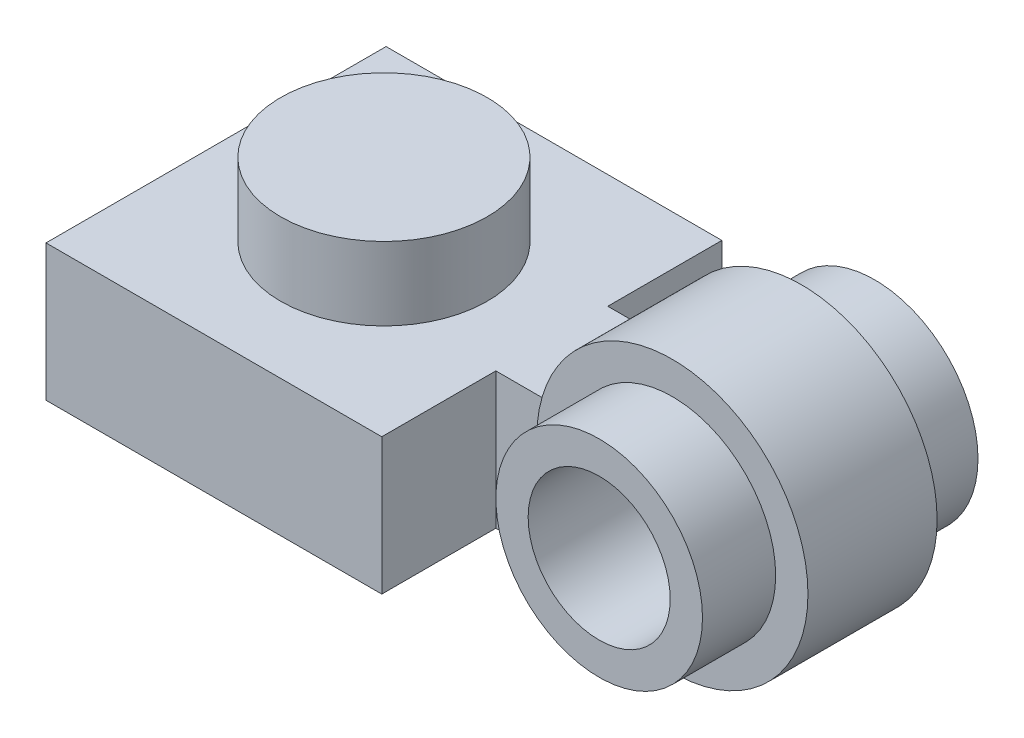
ISO-10303-21;
HEADER;
FILE_DESCRIPTION(('STEP AP214'),'2;1');
FILE_NAME('part.step','',(''),(''),'','','');
FILE_SCHEMA(('AUTOMOTIVE_DESIGN { 1 0 10303 214 1 1 1 1 }'));
ENDSEC;
DATA;
#1=APPLICATION_CONTEXT('core data for automotive mechanical design processes');
#2=APPLICATION_PROTOCOL_DEFINITION('international standard','automotive_design',2000,#1);
#3=PRODUCT_CONTEXT('',#1,'mechanical');
#4=PRODUCT('Part','Part','',(#3));
#5=PRODUCT_RELATED_PRODUCT_CATEGORY('part','',(#4));
#6=PRODUCT_DEFINITION_FORMATION('','',#4);
#7=PRODUCT_DEFINITION_CONTEXT('part definition',#1,'design');
#8=PRODUCT_DEFINITION('design','',#6,#7);
#9=PRODUCT_DEFINITION_SHAPE('','',#8);
#10=(LENGTH_UNIT() NAMED_UNIT(*) SI_UNIT(.MILLI.,.METRE.));
#11=(NAMED_UNIT(*) PLANE_ANGLE_UNIT() SI_UNIT($,.RADIAN.));
#12=(NAMED_UNIT(*) SI_UNIT($,.STERADIAN.) SOLID_ANGLE_UNIT());
#13=UNCERTAINTY_MEASURE_WITH_UNIT(LENGTH_MEASURE(1.E-05),#10,'distance_accuracy_value','');
#14=(GEOMETRIC_REPRESENTATION_CONTEXT(3) GLOBAL_UNCERTAINTY_ASSIGNED_CONTEXT((#13)) GLOBAL_UNIT_ASSIGNED_CONTEXT((#10,
#11,#12)) REPRESENTATION_CONTEXT('',''));
#15=CARTESIAN_POINT('',(0.,0.,0.));
#16=DIRECTION('',(0.,0.,1.));
#17=DIRECTION('',(1.,0.,0.));
#18=AXIS2_PLACEMENT_3D('',#15,#16,#17);
#19=CARTESIAN_POINT('',(8.2,2.5,-1.5));
#20=DIRECTION('',(0.,0.,1.));
#21=DIRECTION('',(1.,0.,0.));
#22=AXIS2_PLACEMENT_3D('',#19,#20,#21);
#23=PLANE('',#22);
#24=CARTESIAN_POINT('',(8.2,2.5,-1.5));
#25=DIRECTION('',(0.,0.,1.));
#26=DIRECTION('',(1.,0.,0.));
#27=AXIS2_PLACEMENT_3D('',#24,#25,#26);
#28=CIRCLE('',#27,3.15);
#29=CARTESIAN_POINT('',(11.35,2.5,-1.5));
#30=VERTEX_POINT('',#29);
#31=EDGE_CURVE('E506',#30,#30,#28,.T.);
#32=ORIENTED_EDGE('',*,*,#31,.F.);
#33=EDGE_LOOP('',(#32));
#34=FACE_BOUND('',#33,.T.);
#35=CARTESIAN_POINT('',(8.2,2.5,-1.5));
#36=DIRECTION('',(0.,0.,1.));
#37=DIRECTION('',(1.,0.,0.));
#38=AXIS2_PLACEMENT_3D('',#35,#36,#37);
#39=CIRCLE('',#38,2.4);
#40=CARTESIAN_POINT('',(10.6,2.5,-1.5));
#41=VERTEX_POINT('',#40);
#42=EDGE_CURVE('E11',#41,#41,#39,.F.);
#43=ORIENTED_EDGE('',*,*,#42,.F.);
#44=EDGE_LOOP('',(#43));
#45=FACE_BOUND('',#44,.T.);
#46=ADVANCED_FACE('F37',(#34,#45),#23,.F.);
#47=CARTESIAN_POINT('',(8.2,2.5,1.5));
#48=DIRECTION('',(0.,0.,1.));
#49=DIRECTION('',(1.,0.,0.));
#50=AXIS2_PLACEMENT_3D('',#47,#48,#49);
#51=PLANE('',#50);
#52=CARTESIAN_POINT('',(8.2,2.5,1.5));
#53=DIRECTION('',(0.,0.,1.));
#54=DIRECTION('',(1.,0.,0.));
#55=AXIS2_PLACEMENT_3D('',#52,#53,#54);
#56=CIRCLE('',#55,3.15);
#57=CARTESIAN_POINT('',(11.35,2.5,1.5));
#58=VERTEX_POINT('',#57);
#59=EDGE_CURVE('E509',#58,#58,#56,.T.);
#60=ORIENTED_EDGE('',*,*,#59,.T.);
#61=EDGE_LOOP('',(#60));
#62=FACE_BOUND('',#61,.T.);
#63=CARTESIAN_POINT('',(8.2,2.5,1.5));
#64=DIRECTION('',(0.,0.,1.));
#65=DIRECTION('',(1.,0.,0.));
#66=AXIS2_PLACEMENT_3D('',#63,#64,#65);
#67=CIRCLE('',#66,2.4);
#68=CARTESIAN_POINT('',(10.6,2.5,1.5));
#69=VERTEX_POINT('',#68);
#70=EDGE_CURVE('E502',#69,#69,#67,.T.);
#71=ORIENTED_EDGE('',*,*,#70,.F.);
#72=EDGE_LOOP('',(#71));
#73=FACE_BOUND('',#72,.T.);
#74=ADVANCED_FACE('F275',(#62,#73),#51,.T.);
#75=CARTESIAN_POINT('',(-3.9,3.166,-3.95));
#76=DIRECTION('',(0.,1.,0.));
#77=DIRECTION('',(0.,0.,1.));
#78=AXIS2_PLACEMENT_3D('',#75,#76,#77);
#79=PLANE('',#78);
#80=CARTESIAN_POINT('',(0.,3.166,0.));
#81=DIRECTION('',(0.,1.,0.));
#82=DIRECTION('',(0.,0.,1.));
#83=AXIS2_PLACEMENT_3D('',#80,#81,#82);
#84=CIRCLE('',#83,2.4);
#85=CARTESIAN_POINT('',(0.,3.166,2.4));
#86=VERTEX_POINT('',#85);
#87=EDGE_CURVE('E199',#86,#86,#84,.T.);
#88=ORIENTED_EDGE('',*,*,#87,.F.);
#89=EDGE_LOOP('',(#88));
#90=FACE_BOUND('',#89,.T.);
#91=DIRECTION('',(-1.,0.,0.));
#92=VECTOR('',#91,1.);
#93=CARTESIAN_POINT('',(10.7,3.166,1.3));
#94=LINE('',#93,#92);
#95=CARTESIAN_POINT('',(5.12121062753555,3.166,1.3));
#96=VERTEX_POINT('',#95);
#97=CARTESIAN_POINT('',(3.9,3.166,1.3));
#98=VERTEX_POINT('',#97);
#99=EDGE_CURVE('E135',#96,#98,#94,.T.);
#100=ORIENTED_EDGE('',*,*,#99,.F.);
#101=DIRECTION('',(0.,0.,-1.));
#102=VECTOR('',#101,1.);
#103=CARTESIAN_POINT('',(5.12121062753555,3.166,1.5));
#104=LINE('',#103,#102);
#105=CARTESIAN_POINT('',(5.12121062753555,3.166,-1.3));
#106=VERTEX_POINT('',#105);
#107=EDGE_CURVE('E138',#96,#106,#104,.T.);
#108=ORIENTED_EDGE('',*,*,#107,.T.);
#109=DIRECTION('',(-1.,0.,0.));
#110=VECTOR('',#109,1.);
#111=CARTESIAN_POINT('',(10.7,3.166,-1.3));
#112=LINE('',#111,#110);
#113=CARTESIAN_POINT('',(3.9,3.166,-1.3));
#114=VERTEX_POINT('',#113);
#115=EDGE_CURVE('E126',#106,#114,#112,.T.);
#116=ORIENTED_EDGE('',*,*,#115,.T.);
#117=DIRECTION('',(0.,0.,-1.));
#118=VECTOR('',#117,1.);
#119=CARTESIAN_POINT('',(3.9,3.166,3.95));
#120=LINE('',#119,#118);
#121=CARTESIAN_POINT('',(3.9,3.166,-3.95));
#122=VERTEX_POINT('',#121);
#123=EDGE_CURVE('E166',#114,#122,#120,.T.);
#124=ORIENTED_EDGE('',*,*,#123,.T.);
#125=DIRECTION('',(-1.,0.,0.));
#126=VECTOR('',#125,1.);
#127=CARTESIAN_POINT('',(3.9,3.166,-3.95));
#128=LINE('',#127,#126);
#129=CARTESIAN_POINT('',(-3.9,3.166,-3.95));
#130=VERTEX_POINT('',#129);
#131=EDGE_CURVE('E219',#122,#130,#128,.T.);
#132=ORIENTED_EDGE('',*,*,#131,.T.);
#133=DIRECTION('',(0.,0.,1.));
#134=VECTOR('',#133,1.);
#135=CARTESIAN_POINT('',(-3.9,3.166,3.95));
#136=LINE('',#135,#134);
#137=CARTESIAN_POINT('',(-3.9,3.166,3.95));
#138=VERTEX_POINT('',#137);
#139=EDGE_CURVE('E212',#130,#138,#136,.T.);
#140=ORIENTED_EDGE('',*,*,#139,.T.);
#141=DIRECTION('',(1.,0.,0.));
#142=VECTOR('',#141,1.);
#143=CARTESIAN_POINT('',(3.9,3.166,3.95));
#144=LINE('',#143,#142);
#145=CARTESIAN_POINT('',(3.9,3.166,3.95));
#146=VERTEX_POINT('',#145);
#147=EDGE_CURVE('E215',#138,#146,#144,.T.);
#148=ORIENTED_EDGE('',*,*,#147,.T.);
#149=EDGE_CURVE('E222',#146,#98,#120,.T.);
#150=ORIENTED_EDGE('',*,*,#149,.T.);
#151=EDGE_LOOP('',(#100,#108,#116,#124,#132,#140,#148,#150));
#152=FACE_BOUND('',#151,.T.);
#153=ADVANCED_FACE('F139',(#90,#152),#79,.T.);
#154=CARTESIAN_POINT('',(-3.9,0.,-3.95));
#155=DIRECTION('',(0.,1.,0.));
#156=DIRECTION('',(0.,0.,1.));
#157=AXIS2_PLACEMENT_3D('',#154,#155,#156);
#158=PLANE('',#157);
#159=DIRECTION('',(1.,0.,0.));
#160=VECTOR('',#159,1.);
#161=CARTESIAN_POINT('',(2.45,0.,-2.5));
#162=LINE('',#161,#160);
#163=CARTESIAN_POINT('',(-2.45,0.,-2.5));
#164=VERTEX_POINT('',#163);
#165=CARTESIAN_POINT('',(2.45,0.,-2.5));
#166=VERTEX_POINT('',#165);
#167=EDGE_CURVE('E189',#164,#166,#162,.T.);
#168=ORIENTED_EDGE('',*,*,#167,.F.);
#169=DIRECTION('',(0.,0.,-1.));
#170=VECTOR('',#169,1.);
#171=CARTESIAN_POINT('',(-2.45,0.,-2.5));
#172=LINE('',#171,#170);
#173=CARTESIAN_POINT('',(-2.45,0.,2.5));
#174=VERTEX_POINT('',#173);
#175=EDGE_CURVE('E187',#174,#164,#172,.T.);
#176=ORIENTED_EDGE('',*,*,#175,.F.);
#177=DIRECTION('',(-1.,0.,0.));
#178=VECTOR('',#177,1.);
#179=CARTESIAN_POINT('',(2.45,0.,2.5));
#180=LINE('',#179,#178);
#181=CARTESIAN_POINT('',(2.45,0.,2.5));
#182=VERTEX_POINT('',#181);
#183=EDGE_CURVE('E177',#182,#174,#180,.T.);
#184=ORIENTED_EDGE('',*,*,#183,.F.);
#185=DIRECTION('',(0.,0.,1.));
#186=VECTOR('',#185,1.);
#187=CARTESIAN_POINT('',(2.45,0.,-2.5));
#188=LINE('',#187,#186);
#189=EDGE_CURVE('E192',#166,#182,#188,.T.);
#190=ORIENTED_EDGE('',*,*,#189,.F.);
#191=EDGE_LOOP('',(#168,#176,#184,#190));
#192=FACE_BOUND('',#191,.T.);
#193=DIRECTION('',(0.,0.,-1.));
#194=VECTOR('',#193,1.);
#195=CARTESIAN_POINT('',(6.28362321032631,0.,1.5));
#196=LINE('',#195,#194);
#197=CARTESIAN_POINT('',(6.28362321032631,0.,1.3));
#198=VERTEX_POINT('',#197);
#199=CARTESIAN_POINT('',(6.28362321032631,0.,-1.3));
#200=VERTEX_POINT('',#199);
#201=EDGE_CURVE('E52',#198,#200,#196,.T.);
#202=ORIENTED_EDGE('',*,*,#201,.F.);
#203=DIRECTION('',(-1.,0.,0.));
#204=VECTOR('',#203,1.);
#205=CARTESIAN_POINT('',(10.7,0.,1.3));
#206=LINE('',#205,#204);
#207=CARTESIAN_POINT('',(3.9,0.,1.3));
#208=VERTEX_POINT('',#207);
#209=EDGE_CURVE('E153',#198,#208,#206,.T.);
#210=ORIENTED_EDGE('',*,*,#209,.T.);
#211=DIRECTION('',(0.,0.,-1.));
#212=VECTOR('',#211,1.);
#213=CARTESIAN_POINT('',(3.9,0.,3.95));
#214=LINE('',#213,#212);
#215=CARTESIAN_POINT('',(3.9,0.,3.95));
#216=VERTEX_POINT('',#215);
#217=EDGE_CURVE('E227',#216,#208,#214,.T.);
#218=ORIENTED_EDGE('',*,*,#217,.F.);
#219=DIRECTION('',(1.,0.,0.));
#220=VECTOR('',#219,1.);
#221=CARTESIAN_POINT('',(3.9,0.,3.95));
#222=LINE('',#221,#220);
#223=CARTESIAN_POINT('',(-3.9,0.,3.95));
#224=VERTEX_POINT('',#223);
#225=EDGE_CURVE('E228',#224,#216,#222,.T.);
#226=ORIENTED_EDGE('',*,*,#225,.F.);
#227=DIRECTION('',(0.,0.,1.));
#228=VECTOR('',#227,1.);
#229=CARTESIAN_POINT('',(-3.9,0.,3.95));
#230=LINE('',#229,#228);
#231=CARTESIAN_POINT('',(-3.9,0.,-3.95));
#232=VERTEX_POINT('',#231);
#233=EDGE_CURVE('E209',#232,#224,#230,.T.);
#234=ORIENTED_EDGE('',*,*,#233,.F.);
#235=DIRECTION('',(-1.,0.,0.));
#236=VECTOR('',#235,1.);
#237=CARTESIAN_POINT('',(3.9,0.,-3.95));
#238=LINE('',#237,#236);
#239=CARTESIAN_POINT('',(3.9,0.,-3.95));
#240=VERTEX_POINT('',#239);
#241=EDGE_CURVE('E216',#240,#232,#238,.T.);
#242=ORIENTED_EDGE('',*,*,#241,.F.);
#243=CARTESIAN_POINT('',(3.9,0.,-1.3));
#244=VERTEX_POINT('',#243);
#245=EDGE_CURVE('E224',#244,#240,#214,.T.);
#246=ORIENTED_EDGE('',*,*,#245,.F.);
#247=DIRECTION('',(-1.,0.,0.));
#248=VECTOR('',#247,1.);
#249=CARTESIAN_POINT('',(10.7,0.,-1.3));
#250=LINE('',#249,#248);
#251=EDGE_CURVE('E134',#200,#244,#250,.T.);
#252=ORIENTED_EDGE('',*,*,#251,.F.);
#253=EDGE_LOOP('',(#202,#210,#218,#226,#234,#242,#246,#252));
#254=FACE_BOUND('',#253,.T.);
#255=ADVANCED_FACE('F250',(#192,#254),#158,.F.);
#256=CARTESIAN_POINT('',(10.7,0.,1.3));
#257=DIRECTION('',(0.,0.,-1.));
#258=DIRECTION('',(-1.,0.,0.));
#259=AXIS2_PLACEMENT_3D('',#256,#257,#258);
#260=PLANE('',#259);
#261=CARTESIAN_POINT('',(8.2,2.5,1.3));
#262=DIRECTION('',(0.,0.,-1.));
#263=DIRECTION('',(-1.,0.,0.));
#264=AXIS2_PLACEMENT_3D('',#261,#262,#263);
#265=CIRCLE('',#264,3.15);
#266=EDGE_CURVE('E59',#96,#198,#265,.F.);
#267=ORIENTED_EDGE('',*,*,#266,.F.);
#268=ORIENTED_EDGE('',*,*,#99,.T.);
#269=DIRECTION('',(0.,-1.,0.));
#270=VECTOR('',#269,1.);
#271=CARTESIAN_POINT('',(3.9,0.,1.3));
#272=LINE('',#271,#270);
#273=EDGE_CURVE('E157',#98,#208,#272,.T.);
#274=ORIENTED_EDGE('',*,*,#273,.T.);
#275=ORIENTED_EDGE('',*,*,#209,.F.);
#276=EDGE_LOOP('',(#267,#268,#274,#275));
#277=FACE_BOUND('',#276,.T.);
#278=ADVANCED_FACE('F294',(#277),#260,.F.);
#279=CARTESIAN_POINT('',(10.7,3.166,-1.3));
#280=DIRECTION('',(0.,0.,1.));
#281=DIRECTION('',(0.,-1.,0.));
#282=AXIS2_PLACEMENT_3D('',#279,#280,#281);
#283=PLANE('',#282);
#284=CARTESIAN_POINT('',(8.2,2.5,-1.3));
#285=DIRECTION('',(0.,0.,1.));
#286=DIRECTION('',(0.,-1.,0.));
#287=AXIS2_PLACEMENT_3D('',#284,#285,#286);
#288=CIRCLE('',#287,3.15);
#289=EDGE_CURVE('E45',#200,#106,#288,.F.);
#290=ORIENTED_EDGE('',*,*,#289,.F.);
#291=ORIENTED_EDGE('',*,*,#251,.T.);
#292=DIRECTION('',(0.,1.,0.));
#293=VECTOR('',#292,1.);
#294=CARTESIAN_POINT('',(3.9,3.166,-1.3));
#295=LINE('',#294,#293);
#296=EDGE_CURVE('E131',#244,#114,#295,.T.);
#297=ORIENTED_EDGE('',*,*,#296,.T.);
#298=ORIENTED_EDGE('',*,*,#115,.F.);
#299=EDGE_LOOP('',(#290,#291,#297,#298));
#300=FACE_BOUND('',#299,.T.);
#301=ADVANCED_FACE('F128',(#300),#283,.F.);
#302=CARTESIAN_POINT('',(3.9,3.166,3.95));
#303=DIRECTION('',(-1.,0.,0.));
#304=DIRECTION('',(0.,0.,1.));
#305=AXIS2_PLACEMENT_3D('',#302,#303,#304);
#306=PLANE('',#305);
#307=ORIENTED_EDGE('',*,*,#273,.F.);
#308=ORIENTED_EDGE('',*,*,#149,.F.);
#309=DIRECTION('',(0.,-1.,0.));
#310=VECTOR('',#309,1.);
#311=CARTESIAN_POINT('',(3.9,3.166,3.95));
#312=LINE('',#311,#310);
#313=EDGE_CURVE('E147',#146,#216,#312,.T.);
#314=ORIENTED_EDGE('',*,*,#313,.T.);
#315=ORIENTED_EDGE('',*,*,#217,.T.);
#316=EDGE_LOOP('',(#307,#308,#314,#315));
#317=FACE_BOUND('',#316,.T.);
#318=ADVANCED_FACE('F247',(#317),#306,.F.);
#319=ORIENTED_EDGE('',*,*,#296,.F.);
#320=ORIENTED_EDGE('',*,*,#245,.T.);
#321=DIRECTION('',(0.,-1.,0.));
#322=VECTOR('',#321,1.);
#323=CARTESIAN_POINT('',(3.9,3.166,-3.95));
#324=LINE('',#323,#322);
#325=EDGE_CURVE('E237',#122,#240,#324,.T.);
#326=ORIENTED_EDGE('',*,*,#325,.F.);
#327=ORIENTED_EDGE('',*,*,#123,.F.);
#328=EDGE_LOOP('',(#319,#320,#326,#327));
#329=FACE_BOUND('',#328,.T.);
#330=ADVANCED_FACE('F254',(#329),#306,.F.);
#331=CARTESIAN_POINT('',(-3.9,3.166,3.95));
#332=DIRECTION('',(1.,0.,0.));
#333=DIRECTION('',(0.,0.,-1.));
#334=AXIS2_PLACEMENT_3D('',#331,#332,#333);
#335=PLANE('',#334);
#336=ORIENTED_EDGE('',*,*,#233,.T.);
#337=DIRECTION('',(0.,-1.,0.));
#338=VECTOR('',#337,1.);
#339=CARTESIAN_POINT('',(-3.9,3.166,3.95));
#340=LINE('',#339,#338);
#341=EDGE_CURVE('E144',#138,#224,#340,.T.);
#342=ORIENTED_EDGE('',*,*,#341,.F.);
#343=ORIENTED_EDGE('',*,*,#139,.F.);
#344=DIRECTION('',(0.,-1.,0.));
#345=VECTOR('',#344,1.);
#346=CARTESIAN_POINT('',(-3.9,3.166,-3.95));
#347=LINE('',#346,#345);
#348=EDGE_CURVE('E234',#130,#232,#347,.T.);
#349=ORIENTED_EDGE('',*,*,#348,.T.);
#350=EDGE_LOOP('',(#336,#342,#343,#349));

EXERCISE GOAL> The line containing "#9=PRODUCT_DEFINITION_SHAPE('','',#8);" marks where the copy ends; print every line before it from the start of the records, and that line too, but no pictures.

EXPECTED ANSWER>
ISO-10303-21;
HEADER;
FILE_DESCRIPTION(('STEP AP214'),'2;1');
FILE_NAME('part.step','',(''),(''),'','','');
FILE_SCHEMA(('AUTOMOTIVE_DESIGN { 1 0 10303 214 1 1 1 1 }'));
ENDSEC;
DATA;
#1=APPLICATION_CONTEXT('core data for automotive mechanical design processes');
#2=APPLICATION_PROTOCOL_DEFINITION('international standard','automotive_design',2000,#1);
#3=PRODUCT_CONTEXT('',#1,'mechanical');
#4=PRODUCT('Part','Part','',(#3));
#5=PRODUCT_RELATED_PRODUCT_CATEGORY('part','',(#4));
#6=PRODUCT_DEFINITION_FORMATION('','',#4);
#7=PRODUCT_DEFINITION_CONTEXT('part definition',#1,'design');
#8=PRODUCT_DEFINITION('design','',#6,#7);
#9=PRODUCT_DEFINITION_SHAPE('','',#8);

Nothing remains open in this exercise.